Review: Showtime
The best way to describe this movie is good-natured. Murpy, DeNiro, Rene Russo, William Shatner and Mos Def all know what they're doing, but the script doesn't really give them much worth doing. The rather tired premise is the pairing of a tough-guy detective (DeNiro, obviously) with the wise-ass, media savvy urban black cop (Murphy), both enthusiastically manipulated by the stop-at-nothing, no-holds barred and exploitive producer (Russo). The LAPD, seeking better publicity than it's been getting the last couple of years, orders the two to participate in a cop-reality-show called Showtime. Murphy's character, who is dying to be in the movies, is thrilled, hamming it up for the cameras. He essentially plays his character in Beverly Hills Cop, which is funny enough, but a bit tired. DeNiro, a hard-ass from the old school, is ethical, horrified and reluctant to participate. While Murphy's character sees him as a dinosaur, DeNiro's sees his young partner as an incompetent hotdog.
In fact, DeNiro seems to have made a career (Analyze This, and most recently Meet the Parents), out of laughing at his own tough-guy persona, which is really a shame. He hasn't had a serious role in a few years, and this spoofing of spoofs of spoofs is getting old. In the movie, the two don't like one another, at least at first, but -- shock of shocks -- learn to deal with it, as the bad guys (a drug dealer and his gang) get their hands on shockingly lethal hand-tooled shotguns with uranium-tipped shells that can level whole buildings in just a few seconds. The movie is meant to be a satire -- Johnnie Cochran's appearance is a hoot, and so are the Jackie-Chan style outtakes at the end -- but for a satire to work, the story has to be funny and/or biting. This movie, on the whole, is neither. The plot is too stupid to carry any freight, even these talented actors. And the film says nothing about our media or celebrity culture that hasn't been said a zillion times, usually better.
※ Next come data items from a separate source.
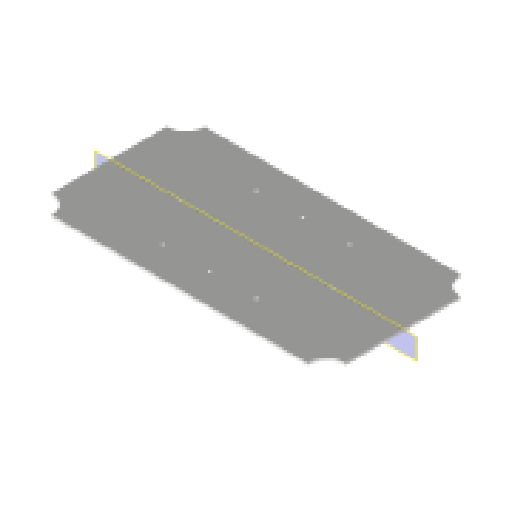
# Autodesk Inventor part: 00_ElectroWallbox_Tpelectric_130x220x140_IP67_Inlet
Saved by Autodesk Inventor 2024.1 (Build 281209000, 209)
## iProperties
Created: 2024-03-15
Part Number: 00_ElectroWallbox_Tpelectric_130x220x140_IP67_Inlet
Material: Generisch
Document SubType Name: Modeling
Designer: diederichbenedict
Density: 1 g/cm^3
Appearance: Vorgabe
Author: diederichbenedict
Autodesk Inventor part; units mm, degrees
ref_plane "YZ Plane" through (0, 0, 0) normal (1, 0, 0) x (0, 1, 0)
ref_plane "XZ Plane" through (0, 0, 0) normal (0, 1, 0) x (-1, 0, 0)
ref_plane "XY Plane" through (0, 0, 0) normal (0, 0, 1) x (1, 0, 0)
sketch "Skizze1" plane through (0, 0, 0) normal (0, 0, 1) x (1, 0, 0)
  line L0 (115, -60) -> (-115, -60)
  line L1 (-115, -60) -> (-115, 60)
  line L2 (-115, 60) -> (115, 60)
  line L3 (115, 60) -> (115, -60)
  line L4 (115, -60) -> (-115, 60) construction
  line L5 (-115, -60) -> (115, 60) construction
  circle A0 centre (-115, 60) radius 15
  circle A1 centre (115, 60) radius 15
  circle A2 centre (115, -60) radius 15
  circle A3 centre (-115, -60) radius 15
  point P0 (0, 0)
  point P1 (-115, -45)
  point P2 (-100, -60)
  point P3 (100, -60)
  point P4 (115, -45)
  point P5 (115, 45)
  point P6 (100, 60)
  point P7 (-100, 60)
  point P8 (-115, 45)
  dimension "d0" = 230
  dimension "d1" = 120
  dimension "d2" = 30
  dimension "d3" = 30
  dimension "d4" = 30
  dimension "d5" = 30
  constraints: 12 end point, 4 centre point, 4 coincident, 2 midpoint, 2 parallel, 1 horizontal, 1 perpendicular
  measures "d0" distance of L1.end L2.end
  measures "d1" distance of L0.end L1.end
  measures "d2" diameter of A0
  measures "d3" diameter of A1
  measures "d4" diameter of A2
  measures "d5" diameter of A3
extrude "Extrusion1" add sketch "Skizze1" along normal blind 2 contours A3 L1 A0 L2 A1 L3 A2 L0
sketch "Skizze2" plane through (0, 0, 2) normal (0, 0, 1) x (1, 0, 0)
  line L0 (36.5, -36.5) -> (-36.5, -36.5)
  line L1 (-36.5, -36.5) -> (-36.5, 36.5)
  line L2 (-36.5, 36.5) -> (36.5, 36.5)
  line L3 (36.5, 36.5) -> (36.5, -36.5)
  line L4 (36.5, -36.5) -> (-36.5, 36.5) construction
  line L5 (-36.5, -36.5) -> (36.5, 36.5) construction
  point P0 (0, 0)
  point P1 (0, 36.5)
  point P2 (0, -36.5)
  point P3 (60, 0)
  point P4 (-60, 0)
  dimension "d8" = 73
  dimension "d9" = 73
  dimension "d25" = 23.5
  dimension "d26" = 23.5
  constraints: 12 end point, 4 coincident, 4 midpoint, 2 parallel, 1 horizontal, 1 perpendicular
  measures "d8" distance of L1.end L2.end
  measures "d9" distance of L0.end L1.end
  measures "d25" horizontal distance of point (-60, 0) L1.end
  measures "d26" horizontal distance of L2.end point (60, 0)
hole "Bohrung1" at (0, 36.5, 2) at (0, -36.5, 2) at (-36.5, -36.5, 2) at (-36.5, 36.5, 2) at (36.5, 36.5, 2) at (36.5, -36.5, 2) at (-60, 0, 2) at (60, 0, 2) direction (0, 0, -1) diameter 2.8 end through all
sketch "Skizze3" plane through (0, 0, 0) normal (0, 0, -1) x (-1, 0, 0)
  circle A0 centre (-36.5, -36.5) radius 1.4 projected
  circle A1 centre (-36.5, 36.5) radius 1.4 projected
  circle A2 centre (36.5, 36.5) radius 1.4 projected
  circle A3 centre (36.5, -36.5) radius 1.4 projected
  circle A4 centre (0, -36.5) radius 1.4 projected
  circle A5 centre (0, 36.5) radius 1.4 projected
  line L0 (100, -60) -> (-100, -60) projected
  arc A6 (115, -45) -> (100, -60) centre (115, -60) ccw projected
  line L1 (115, 45) -> (115, -45) projected
  arc A7 (100, 60) -> (115, 45) centre (115, 60) ccw projected
  line L2 (-100, 60) -> (100, 60) projected
  arc A8 (-115, 45) -> (-100, 60) centre (-115, 60) ccw projected
  line L3 (-115, -45) -> (-115, 45) projected
  arc A9 (-100, -60) -> (-115, -45) centre (-115, -60) ccw projected
  circle A10 centre (36.5, -36.5) radius 5
  circle A11 centre (0, -36.5) radius 5
  circle A12 centre (-36.5, -36.5) radius 5
  circle A13 centre (-36.5, 36.5) radius 5
  circle A14 centre (0, 36.5) radius 5
  circle A15 centre (36.5, 36.5) radius 5
  circle A16 centre (-60, 0) radius 1.4 projected
  circle A17 centre (60, 0) radius 1.4 projected
  circle A18 centre (-36.5, -36.5) radius 1.4 projected
  circle A19 centre (-36.5, 36.5) radius 1.4 projected
  circle A20 centre (36.5, 36.5) radius 1.4 projected
  circle A21 centre (36.5, -36.5) radius 1.4 projected
  circle A22 centre (0, -36.5) radius 1.4 projected
  circle A23 centre (0, 36.5) radius 1.4 projected
  line L4 (100, -60) -> (-100, -60) projected
  arc A24 (115, -45) -> (100, -60) centre (115, -60) ccw projected
  line L5 (115, 45) -> (115, -45) projected
  arc A25 (100, 60) -> (115, 45) centre (115, 60) ccw projected
  line L6 (-100, 60) -> (100, 60) projected
  arc A26 (-115, 45) -> (-100, 60) centre (-115, 60) ccw projected
  line L7 (-115, -45) -> (-115, 45) projected
  arc A27 (-100, -60) -> (-115, -45) centre (-115, -60) ccw projected
  circle A28 centre (60, 0) radius 5
  circle A29 centre (-60, 0) radius 5
  point P0 (0, 0)
  dimension "d17" = 10
  dimension "d18" = 10
  dimension "d19" = 10
  dimension "d20" = 10
  dimension "d21" = 10
  dimension "d22" = 10
  dimension "d27" = 10
  dimension "d28" = 10
  constraints: 8 centre point, 8 coincident
  measures "d17" diameter of A10
  measures "d18" diameter of A11
  measures "d19" diameter of A12
  measures "d20" diameter of A13
  measures "d21" diameter of A14
  measures "d22" diameter of A15
  measures "d27" diameter of A28
  measures "d28" diameter of A29
extrude "Extrusion2" add sketch "Skizze3" along normal blind 13.5 contours A10 | A11 | A12 | A13 | A14 | A15 | A28 | A29
ref_plane "Arbeitsebene1" through (-100, 0, 0) normal (0, 1, 0) x (1, 0, 0)
ref_plane "Arbeitsebene2" through (0, -45, 0) normal (-1, 0, 0) x (0, 0, 1)
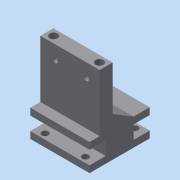
# Autodesk Inventor part: X smooth mount
Saved by Autodesk Inventor 2015 (Build 190159000, 159)
## iProperties
Created: 2016-09-08
Part Number: X smooth mount
Material: Generic
Document SubType Name: Modeling
Designer: Dustin
Density: 1 g/cm^3
Appearance: Default
Author: Dustin
Autodesk Inventor part; units mm, degrees
ref_plane "YZ Plane" through (0, 0, 0) normal (1, 0, 0) x (0, 1, 0)
ref_plane "XZ Plane" through (0, 0, 0) normal (0, 1, 0) x (-1, 0, 0)
sketch "Sketch1" plane through (0, 0, 0) normal (0, 0, 1) x (1, 0, 0)
  line L0 (0, 0) -> (44, 0)
  line L1 (44, 0) -> (44, 9.6635)
  line L2 (44, 9.6635) -> (0, 9.6635)
  line L3 (0, 9.6635) -> (0, 0)
  circle A0 centre (5, 4.8317) radius 3
  circle A1 centre (39, 4.8317) radius 3
  dimension "d0" = 6
  dimension "d1" = 6
  dimension "d2" = 34
  dimension "d3" = 44
  dimension "d4" = 5
  constraints: 8 end point, 2 centre point, 2 parallel, 1 horizontal, 1 perpendicular
  measures "d0" diameter of A0
  measures "d1" diameter of A1
  measures "d2" distance of A1.centre A0.centre
  measures "d3" distance of L1.end L2.end
  measures "d4" distance from line of L3 A0.centre
extrude "Extrusion1" add sketch "Sketch1" along normal blind 42.5
sketch "Sketch2" plane through (0, 9.6635, 0) normal (0, 1, 0) x (1, 0, 0)
  line L0 (44, 0) -> (0, 0) projected
  line L1 (0, 0) -> (0, -42.5) projected
  line L2 (8, -42.5) -> (42, -42.5) projected
  point P0 (11, -32.5)
  point P1 (0, -40.5)
  dimension "d17" = 10
  dimension "d18" = 11
  measures "d17" distance from line of L2 point (11, -32.5)
  measures "d18" distance from line of L1 point (11, -32.5)
hole "Hole1" at (11, 9.6635, 32.5) direction (0, -1, 0) diameter 4 depth 10 tip angle 118
sketch "Sketch3" plane through (0, 9.6635, 0) normal (0, 1, 0) x (1, 0, 0)
  line L0 (8, -42.5) -> (42, -42.5) projected
  line L1 (44, 0) -> (44, -42.5) projected
  point P0 (0, 0)
  point P1 (34, -32.5)
  point P2 (44, -40.5)
  dimension "d19" = 10
  dimension "d20" = 10
  measures "d19" distance from line of L0 point (34, -32.5)
  measures "d20" distance from line of L1 point (34, -32.5)
hole "Hole2" at (34, 9.6635, 32.5) direction (0, -1, 0) diameter 4 depth 10 tip angle 118
sketch "Sketch4" plane through (0, 0, 0) normal (0, 0, -1) x (-1, 0, 0)
  line L0 (0, -7.5) -> (-44, -7.5)
  line L1 (-44, -7.5) -> (-44, 0)
  line L2 (-44, 0) -> (0, 0)
  line L3 (0, 0) -> (0, -7.5)
  line L4 (-44, 9.6635) -> (0, 9.6635)
  line L5 (0, 9.6635) -> (0, 37.1635)
  line L6 (0, 37.1635) -> (-44, 37.1635)
  line L7 (-44, 37.1635) -> (-44, 9.6635)
  circle A0 centre (-39, 4.8317) radius 3 projected
  circle A1 centre (-5, 4.8317) radius 3 projected
  line L8 (0, 0) -> (-44, 0) projected
  line L9 (0, 9.6635) -> (0, 0) projected
  line L10 (-44, 9.6635) -> (0, 9.6635) projected
  line L11 (-44, 0) -> (-44, 9.6635) projected
  dimension "d28" = 7.5
  dimension "d29" = 27.5
  constraints: 16 end point, 4 parallel, 2 horizontal, 2 perpendicular, 1 point on line
  measures "d28" distance of L0.end L1.end
  measures "d29" distance of L6.end L4.start
extrude "Extrusion2" add sketch "Sketch4" along normal blind 20
sketch "Sketch5" plane through (0, 0, -20) normal (0, 0, -1) x (-1, 0, 0)
  arc A0 (-8, 4.8317) -> (-8, 4.8317) centre (-5, 4.8317) ccw projected
  circle A1 centre (-5, 4.8317) radius 3
  circle A2 centre (-39, 4.8317) radius 3 projected
  circle A3 centre (-39, 4.8317) radius 3
  point P0 (0, 0)
  constraints: 2 centre point, 2 coincident
extrude "Extrusion3" add sketch "Sketch5" against normal blind 20
ref_plane "Work Plane2" through (44, 0, 40.5) normal (1, 0, 0) x (0, 0, -1)
sketch "Sketch6" plane through (44, 0, 40.5) normal (1, 0, 0) x (0, 0, -1)
  line L0 (55.5, 37.1635) -> (45.5, 37.1635)
  line L1 (45.5, 37.1635) -> (45.5, 25.1635)
  line L2 (45.5, 25.1635) -> (55.5, 25.1635)
  line L3 (55.5, 25.1635) -> (55.5, 37.1635)
  line L4 (60.5, 37.1635) -> (60.5, -7.5) projected
  line L5 (40.5, -7.5) -> (60.5, -7.5) projected
  line L6 (55.5, -7.5) -> (45.5, -7.5)
  line L7 (45.5, -7.5) -> (45.5, 4.5)
  line L8 (45.5, 4.5) -> (55.5, 4.5)
  line L9 (55.5, 4.5) -> (55.5, -7.5)
  line L10 (40.5, 37.1635) -> (60.5, 37.1635) projected
  point P0 (40.5, 0)
  dimension "d34" = 10
  dimension "d35" = 5
  dimension "d36" = 12
  dimension "d37" = 12
  dimension "d55" = 0
  constraints: 16 end point, 4 parallel, 2 horizontal, 2 perpendicular, 1 point on line
  measures "d34" distance of L0.start L0.end
  measures "d35" distance between parallel lines of L4 L3
  measures "d36" distance of L0.end L1.end
  measures "d37" distance of L6.end L7.end
  measures "d55" distance between parallel lines of L10 L0
extrude "Extrusion4" cut sketch "Sketch6" against normal through all
sketch "Sketch7" plane through (0, 0, -20) normal (0, 0, -1) x (-1, 0, 0)
  line L0 (0, 0) -> (-44, 0) projected
  line L1 (0, 37.1635) -> (-44, 37.1635) projected
  line L2 (-44, -7.5) -> (0, -7.5) projected
  line L3 (0, -7.5) -> (0, 37.1635) projected
  line L4 (-44, 37.1635) -> (-44, -7.5) projected
  point P0 (-37, -3.5)
  point P1 (-7, 33.1635)
  point P2 (-37, 33.1635)
  point P3 (-7, -3.5)
  dimension "d40" = 4
  dimension "d41" = 4
  dimension "d42" = 4
  dimension "d43" = 4
  dimension "d44" = 7
  dimension "d45" = 7
  dimension "d46" = 7
  dimension "d47" = 7
  measures "d40" distance from line of L1 point (-37, 33.163)
  measures "d41" distance from line of L1 point (-7, 33.163)
  measures "d42" distance from line of L2 point (-37, -3.5)
  measures "d43" distance from line of L2 point (-7, -3.5)
  measures "d44" distance from line of L3 point (-7, -3.5)
  measures "d45" distance from line of L3 point (-7, 33.163)
  measures "d46" distance from line of L4 point (-37, 33.163)
  measures "d47" distance from line of L4 point (-37, -3.5)
hole "Hole3" at (37, -3.5, -20) at (7, 33.1635, -20) at (37, 33.1635, -20) at (7, -3.5, -20) direction (0, 0, 1) diameter 4 depth 16 tip angle 118 counterbore diameter 5 counterbore depth 6
sketch "Sketch8" plane through (0, 0, 0) normal (0, 0, 1) x (1, 0, 0)
  line L0 (44, 25.1635) -> (0, 25.1635) projected
  line L1 (0, 9.6635) -> (5, 9.6635)
  line L2 (5, 9.6635) -> (5, 25.1635)
  line L3 (5, 25.1635) -> (0, 25.1635)
  line L4 (0, 25.1635) -> (0, 9.6635)
  point P0 (0, 0)
  dimension "d56" = 5
  constraints: 8 end point, 2 parallel, 1 horizontal, 1 perpendicular, 1 point on line
  measures "d56" distance between parallel lines of L4 L2
extrude "Extrusion5" add sketch "Sketch8" along normal blind 15.5
chamfer "Chamfer1" distance 15.5 angle 45 1 edges at (2.5, 25.1635, 15.5)
sketch "Sketch9" plane through (5, 9.6635, 0) normal (1, 0, 0) x (0, 0, -1)
  line L0 (-15.5, 0) -> (0, 15.5) projected
  line L1 (0, 0) -> (-15.5, 0) projected
  line L2 (0, 15.5) -> (0, 0) projected
  point P0 (0, -9.6635)
extrude "Extrusion6" add sketch "Sketch9" along normal up to surface (39 mm away)
sketch "Sketch11" plane through (44, 0, 42.5) normal (1, 0, 0) x (0, 0, -1)
  line L0 (42.5, 25.1635) -> (33.1498, 9.6635)
  line L1 (33.1498, 9.6635) -> (27, 9.6635)
  line L2 (27, 9.6635) -> (42.5, 25.1635)
  line L3 (42.5, 25.1635) -> (27, 9.6635) projected
  point P0 (42.5, 0)
  constraints: 6 end point, 1 collinear, 1 horizontal
extrude "Extrusion7" cut sketch "Sketch11" against normal through all
body "Solid1"

The movie does have its entertaining moments, most of them clustered at the beginning and end, around all of the car chases and explosions, but you may leave Showtime thinking it's time for Eddie Murphy to find a role where he can be funnier, and for DeNiro to stop laughing at himself and start being himself again. And enough media/celebrity narcissism. We get it.
Well if this is the best Hollywood can come up with I'll stay at home. Mind you it's been months since any new film seemed good enough to actually go and see. I suppose these are the sorts of films we get outside of the holiday season - when most people have other things to do with their time.
Video Game cheats, hints a
Methinks that his part in The Score was no spoof. Or in that movie (I forget the title) in which he plays a homophobic guy felled by a stroke. They are both recent movies.
btw, please stop harping on ethics when you still haven't answered your "message from kabul" hoax.
- Film five minutes of material, six different ways.
- Record test audience's reaction to all six sequences.
- Discard lowest-rated pieces.
- Lather, rinse, repeat until you have 120 minutes of material.
There are a lot of people in the "industry", especially the non-acting union-represented trades, who are worried about production flight, and rightfully so. A lot of shooting has migrated to Canada over the last few years because of tax subsidies film and TV production receives in the Great White North. The real reason Hollywood is exporting jobs to Canada is that the producers can make big, expensive mistakes for far less. (However, this is changing, I'm to understand: in the first place, Canadians are sick of paying gazigabucks for film subsidy; and in the second place, California's state legislature has passed special tax cuts for film industry types so they can fuck up more cheaply in state. I love how everyone in Hollywood is a liberal until it comes time to pay the rent.) Nobody in Hollywood knows how to make a movie. Everybody wants to be seen having a part -- hence the proliferation of credited producer and assistant producer roles. The bureaucracy beggars the lexicon. As a result, only "safe" movies ever get made, "safe" being defined as "will a teen-age boy go see it?" The consistent exceptions, unsurprisingly, seem to be coming from Pixar, which is far away from Hollywood's stinking tarpits.Dog is my co-pilot.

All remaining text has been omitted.